> Task requirements:
Using the string "diagram" as the key, pull each matching line out of the records below.

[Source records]
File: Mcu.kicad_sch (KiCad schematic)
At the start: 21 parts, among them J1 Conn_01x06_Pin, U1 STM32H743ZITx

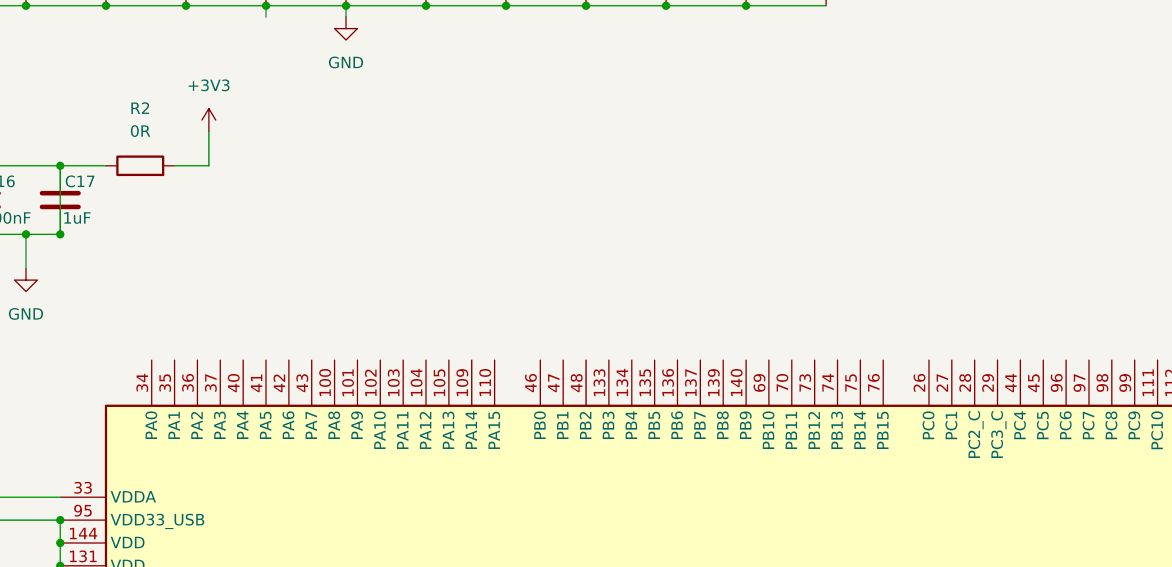
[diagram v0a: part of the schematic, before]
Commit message: Eth güncellendi.
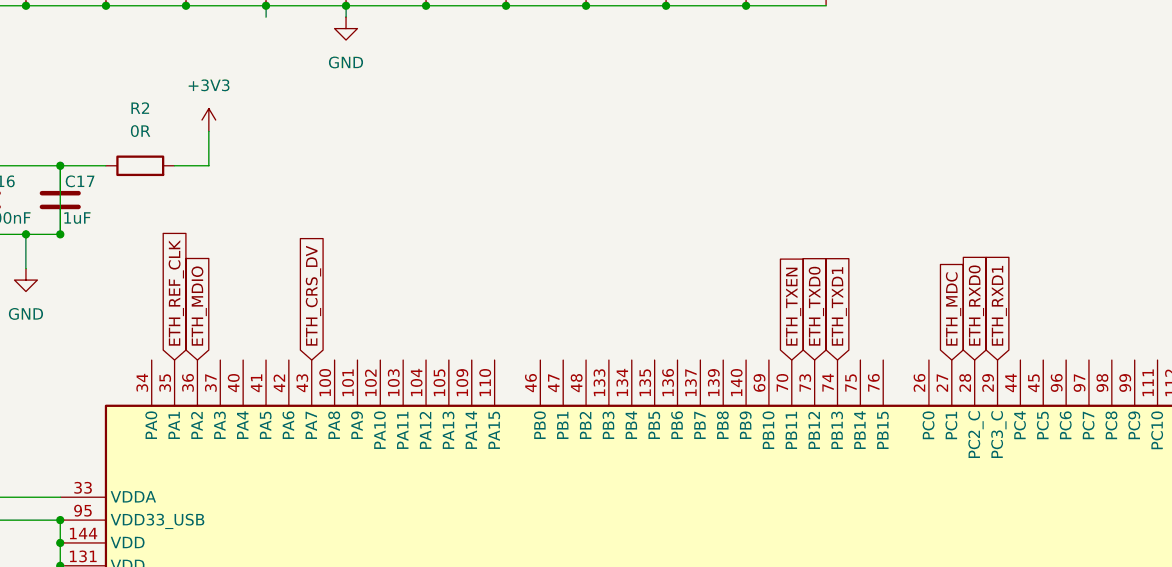
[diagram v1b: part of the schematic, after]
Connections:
- net ETH_MDC: now reaches U1.27 (PC1)
- net ETH_RXD0: now reaches U1.28 (PC2_C)
- net ETH_RXD1: now reaches U1.29 (PC3_C)
- net ETH_REF_CLK: now reaches U1.35 (PA1)
- net ETH_MDIO: now reaches U1.36 (PA2)
- net ETH_CRS_DV: now reaches U1.43 (PA7)
- net ETH_TXEN: now reaches U1.70 (PB11)
- net ETH_TXD0: now reaches U1.73 (PB12)
- net ETH_TXD1: now reaches U1.74 (PB13)

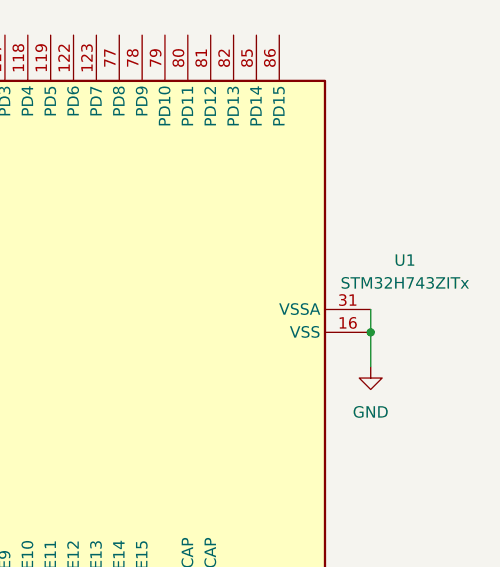
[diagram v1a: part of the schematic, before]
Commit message: Eth güncellendi.
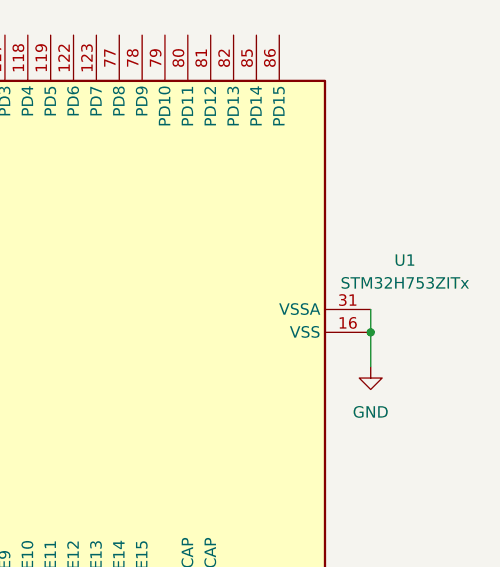
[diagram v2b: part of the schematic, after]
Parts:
- U1: value STM32H743ZITx -> STM32H753ZITx; symbol MCU_ST_STM32H7:STM32H743ZITx -> MCU_ST_STM32H7:STM32H753ZITx
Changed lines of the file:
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@@
+	(wire
+		(pts
+			(xy 218.44 134.62) (xy 218.44 149.86)
+		)
+		(stroke
+			(width 0)
+			(type default)
+		)
+	)
 	(wire
 		(pts
@@
 		(pts
 			(xy 22.86 86.36) (xy 22.86 21.59)
-		)
-		(stroke
-			(width 0)
-			(type default)
-		)
-	)
-	(wire
-		(pts
-			(xy 218.44 134.62) (xy 218.44 149.86)
 		)
 		(stroke
@@
 	)
 	(symbol
-		(lib_id "MCU_ST_STM32H7:STM32H743ZITx")
+		(lib_id "MCU_ST_STM32H7:STM32H753ZITx")
 		(at 144.78 101.6 90)
 		(unit 1)
@@
 			)
 		)
-		(property "Value" "STM32H743ZITx"
+		(property "Value" "STM32H753ZITx"
 			(at 242.57 96.1546 90)
 			(show_name no)
@@
 			)
 		)
-		(property "Datasheet" "https://www.st.com/resource/en/datasheet/stm32h743zi.pdf"
+		(property "Datasheet" "https://www.st.com/resource/en/datasheet/stm32h753zi.pdf"
 			(at 144.78 101.6 0)
 			(hide yes)

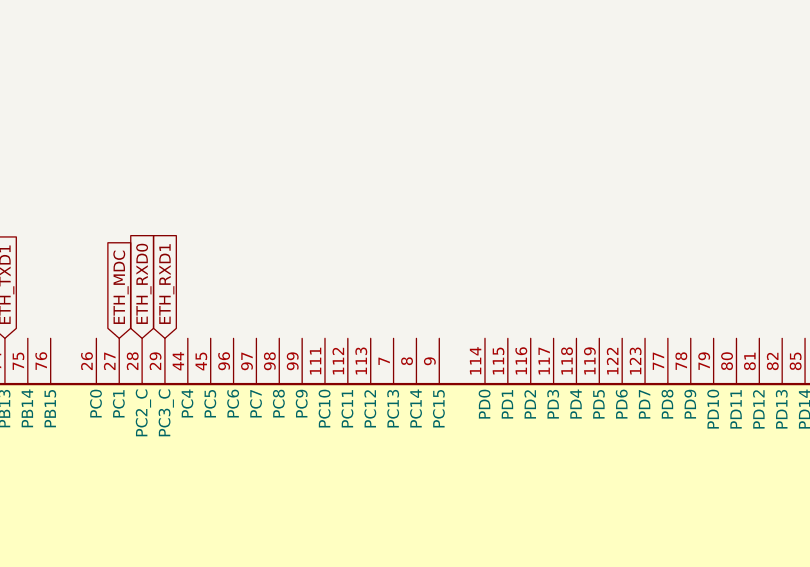
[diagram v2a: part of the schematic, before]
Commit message: Usb Sd arayüzleri eklendi.
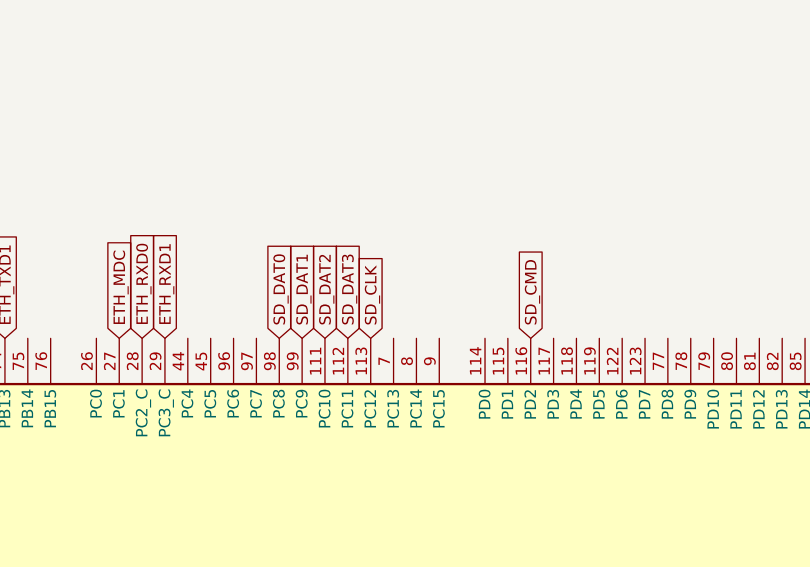
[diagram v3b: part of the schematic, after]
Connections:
- net SD_DAT2: now reaches U1.111 (PC10)
- net SD_DAT3: now reaches U1.112 (PC11)
- net SD_CLK: now reaches U1.113 (PC12)
- net SD_CMD: now reaches U1.116 (PD2)
- net SD_DAT0: now reaches U1.98 (PC8)
- net SD_DAT1: now reaches U1.99 (PC9)
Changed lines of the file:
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@@
+		)
+	)
+	(global_label "SD_CLK"
+		(shape input)
+		(at 177.8 68.58 90)
+		(fields_autoplaced yes)
+		(effects
+			(font
+				(size 1.27 1.27)
+			)
+			(justify left)
+		)
+		(property "Intersheetrefs" "${INTERSHEET_REFS}"
+			(at 177.8 58.5796 90)
+			(hide yes)
+			(show_name no)
+			(do_not_autoplace no)
+			(effects
+				(font
+					(size 1.27 1.27)
+				)
+				(justify left)
+			)
 		)
 	)
@@
 		)
 	)
+	(global_label "SD_DAT3"
+		(shape input)
+		(at 175.26 68.58 90)
+		(fields_autoplaced yes)
+		(effects
+			(font
+				(size 1.27 1.27)
+			)
+			(justify left)
+		)
+		(property "Intersheetrefs" "${INTERSHEET_REFS}"
+			(at 175.26 57.612 90)
+			(hide yes)
+			(show_name no)
+			(do_not_autoplace no)
+			(effects
+				(font
+					(size 1.27 1.27)
+				)
+				(justify left)
+			)
+		)
+	)
 	(global_label "ETH_MDIO"
 		(shape input)
@@
 		)
 	)
+	(global_label "SD_DAT0"
+		(shape input)
+		(at 167.64 68.58 90)
+		(fields_autoplaced yes)
+		(effects
+			(font
+				(size 1.27 1.27)
+			)
+			(justify left)
+		)
+		(property "Intersheetrefs" "${INTERSHEET_REFS}"
+			(at 167.64 57.612 90)
+			(hide yes)
+			(show_name no)
+			(do_not_autoplace no)
+			(effects
+				(font
+					(size 1.27 1.27)
+				)
+				(justify left)
+			)
+		)
+	)
 	(global_label "ETH_TXEN"
 		(shape input)
@@
 			(hide yes)
 			(show_name no)
+			(do_not_autoplace no)
+			(effects
+				(font
+					(size 1.27 1.27)
+				)
+				(justify left)
+			)
+		)
+	)
+	(global_label "SD_DAT1"
+		(shape input)
+		(at 170.18 68.58 90)
+		(fields_autoplaced yes)
+		(effects
+			(font
+				(size 1.27 1.27)
+			)
+			(justify left)
+		)
+		(property "Intersheetrefs" "${INTERSHEET_REFS}"
+			(at 170.18 57.612 90)
+			(hide yes)
+			(show_name no)
+			(do_not_autoplace no)
+			(effects
+				(font
+					(size 1.27 1.27)
+				)
+				(justify left)
+			)
+		)
+	)
+	(global_label "SD_DAT2"
+		(shape input)
+		(at 172.72 68.58 90)
+		(fields_autoplaced yes)
+		(effects
+			(font
+				(size 1.27 1.27)
+			)
+			(justify left)
+		)
+		(property "Intersheetrefs" "${INTERSHEET_REFS}"
+			(at 172.72 57.612 90)
+			(hide yes)
+			(show_name no)
+			(do_not_autoplace no)
+			(effects
+				(font
+					(size 1.27 1.27)
+				)
+				(justify left)
+			)
+		)
+	)
+	(global_label "SD_CMD"
+		(shape input)
+		(at 195.58 68.58 90)
+		(fields_autoplaced yes)
+		(effects
+			(font
+				(size 1.27 1.27)
+			)
+			(justify left)
+		)
+		(property "Intersheetrefs" "${INTERSHEET_REFS}"
+			(at 195.58 58.1563 90)
+			(hide yes)
+			(show_name no)

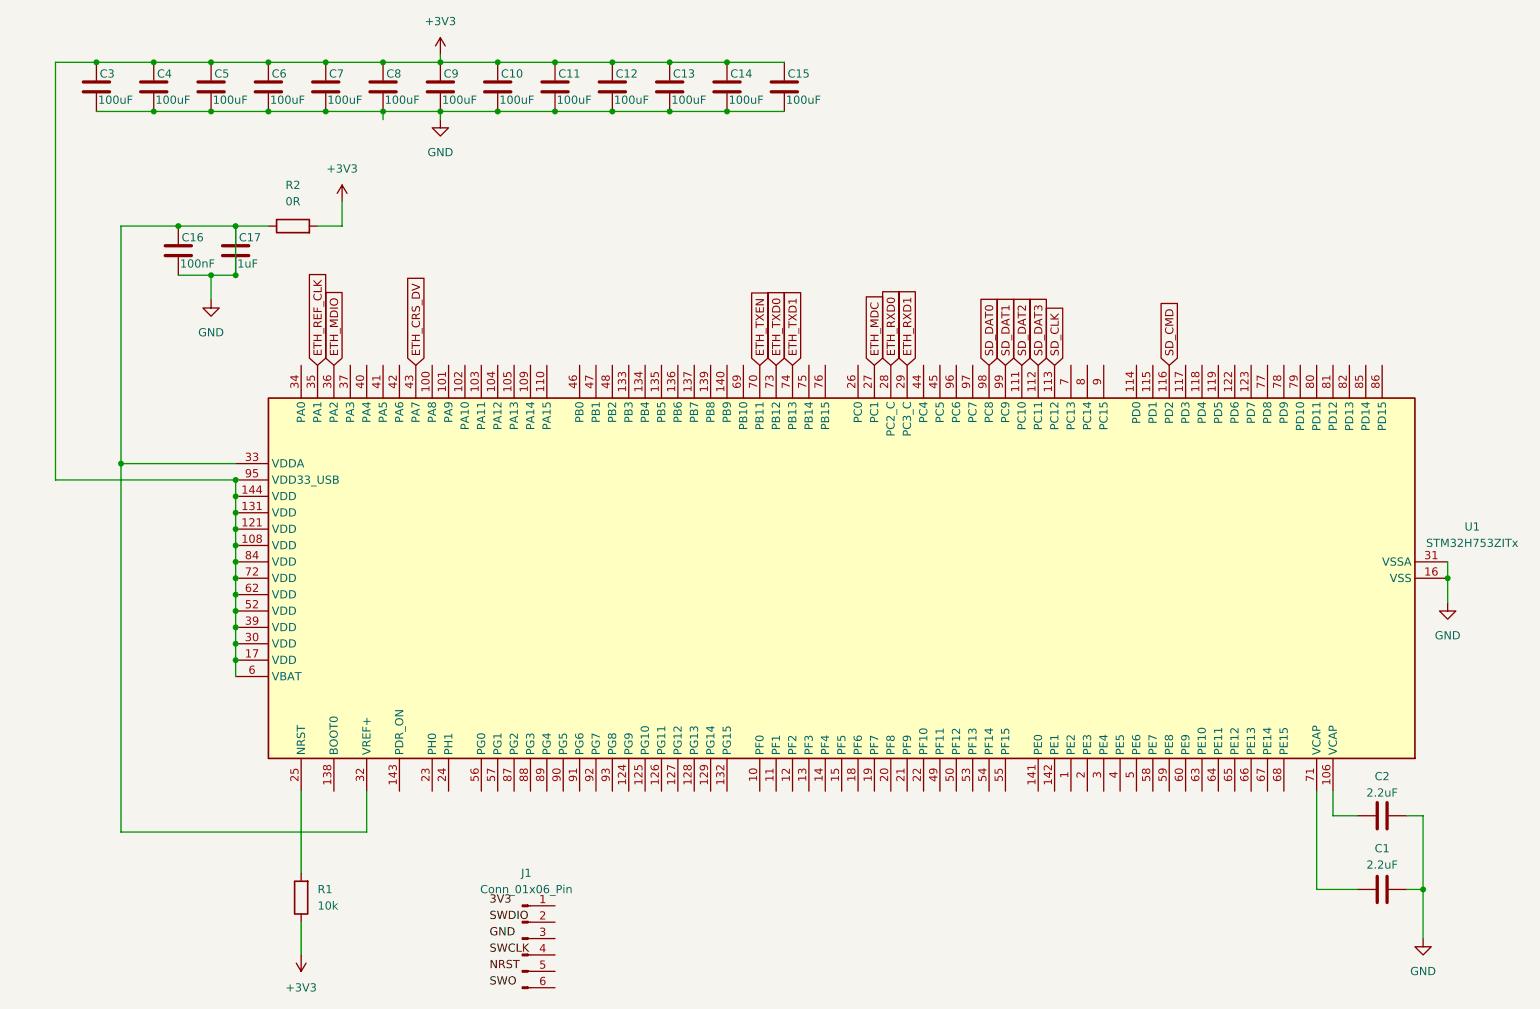
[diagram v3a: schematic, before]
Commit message: Usb düzenlendi.
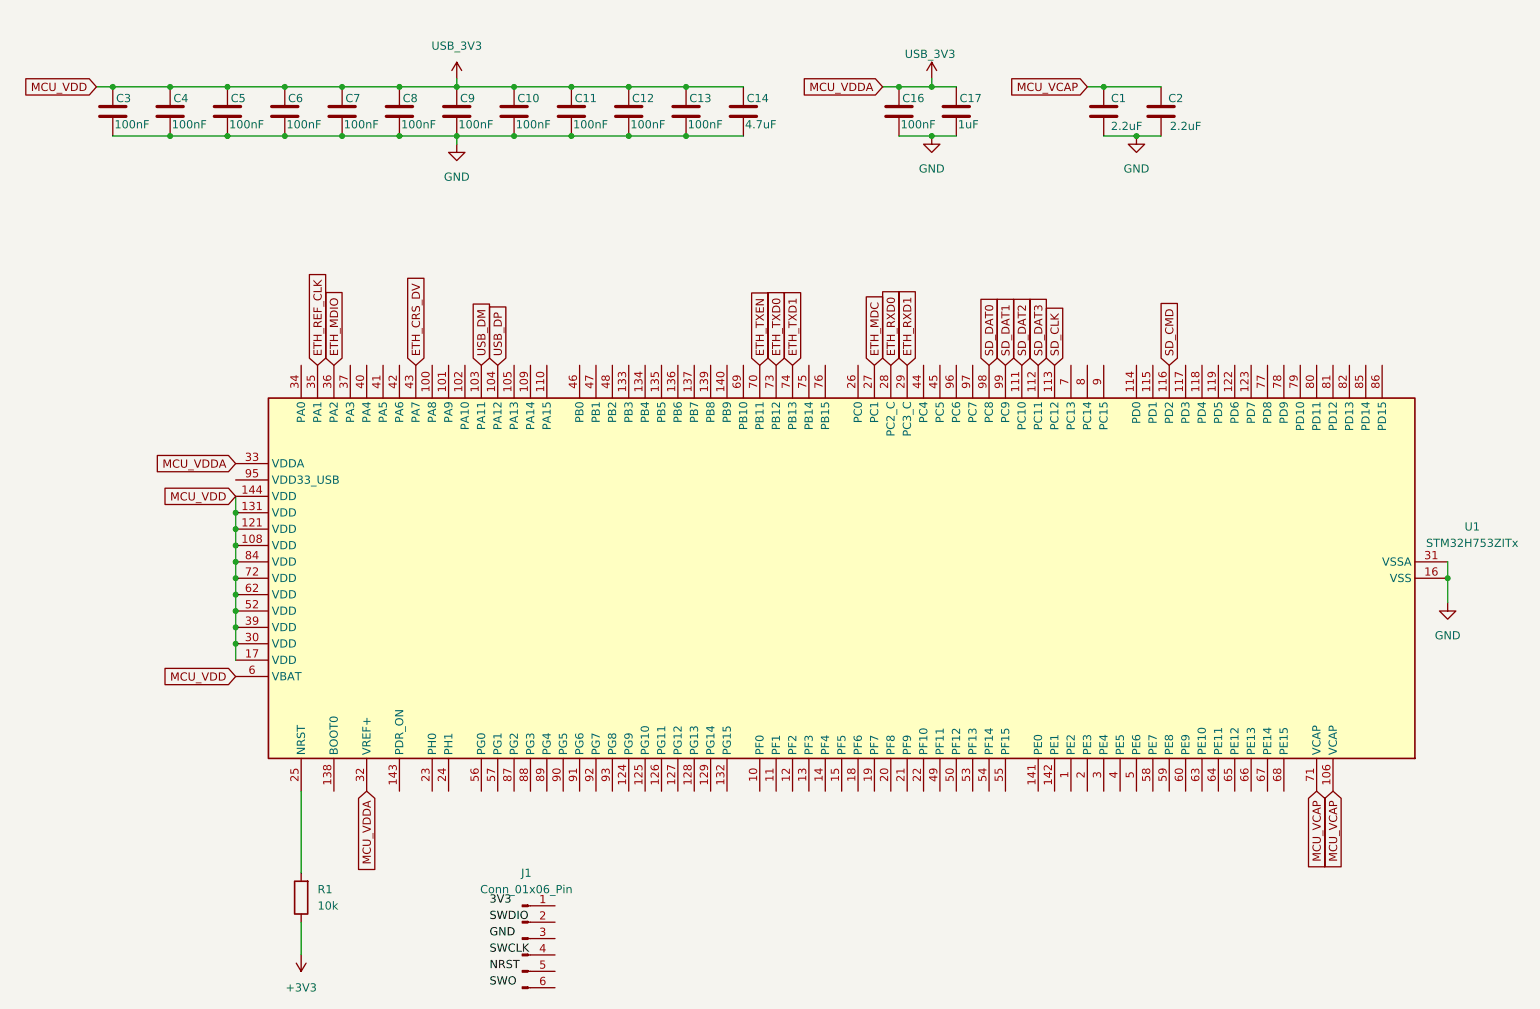
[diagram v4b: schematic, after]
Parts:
- removed C15: 100uF, symbol Device:C
- removed R2: 0R, symbol Device:R
- C10, C11, C12, C13, C3, C4, C5, C6, C7, C8, C9: value 100uF -> 100nF
- C14: value 100uF -> 4.7uF
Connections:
- net +3V3: no longer C10.1, C11.1, C12.1, C13.1, C14.1, C3.1, C4.1, C5.1, C6.1, C7.1, C8.1, C9.1, U1.108 (VDD), U1.121 (VDD), U1.131 (VDD), U1.144 (VDD), U1.17 (VDD), U1.30 (VDD), U1.39 (VDD), U1.52 (VDD), U1.6 (VBAT), U1.62 (VDD), U1.72 (VDD), U1.84 (VDD), U1.95 (VDD33_USB)
- net GND: now also C1.1, C2.1; no longer C1.2, C16.1, C17.1, C2.2, U1.32 (VREF+), U1.33 (VDDA)
- net MCU_VCAP: now reaches U1.106 (VCAP)
- net MCU_VCAP: now also C1.2, C2.2, U1.71 (VCAP); no longer C2.1
- net USB_DM: now reaches U1.103 (PA11)
- net USB_DP: now reaches U1.104 (PA12)
- new net USB_3V3: C10.1, C11.1, C12.1, C13.1, C14.1, C16.1, C17.1, C3.1, C4.1, C5.1, C6.1, C7.1, C8.1, C9.1, U1.108 (VDD), U1.121 (VDD), U1.131 (VDD), U1.144 (VDD), U1.17 (VDD), U1.30 (VDD), U1.32 (VREF+), U1.33 (VDDA), U1.39 (VDD), U1.52 (VDD), U1.6 (VBAT), U1.62 (VDD), U1.72 (VDD), U1.84 (VDD)
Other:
- moved on the sheet: C10, C11, C12, C13, C3, C4, C5, C6, C7, C8, C9

> Task response:
[diagram v0a: part of the schematic, before]
[diagram v1b: part of the schematic, after]
[diagram v1a: part of the schematic, before]
[diagram v2b: part of the schematic, after]
[diagram v2a: part of the schematic, before]
[diagram v3b: part of the schematic, after]
[diagram v3a: schematic, before]
[diagram v4b: schematic, after]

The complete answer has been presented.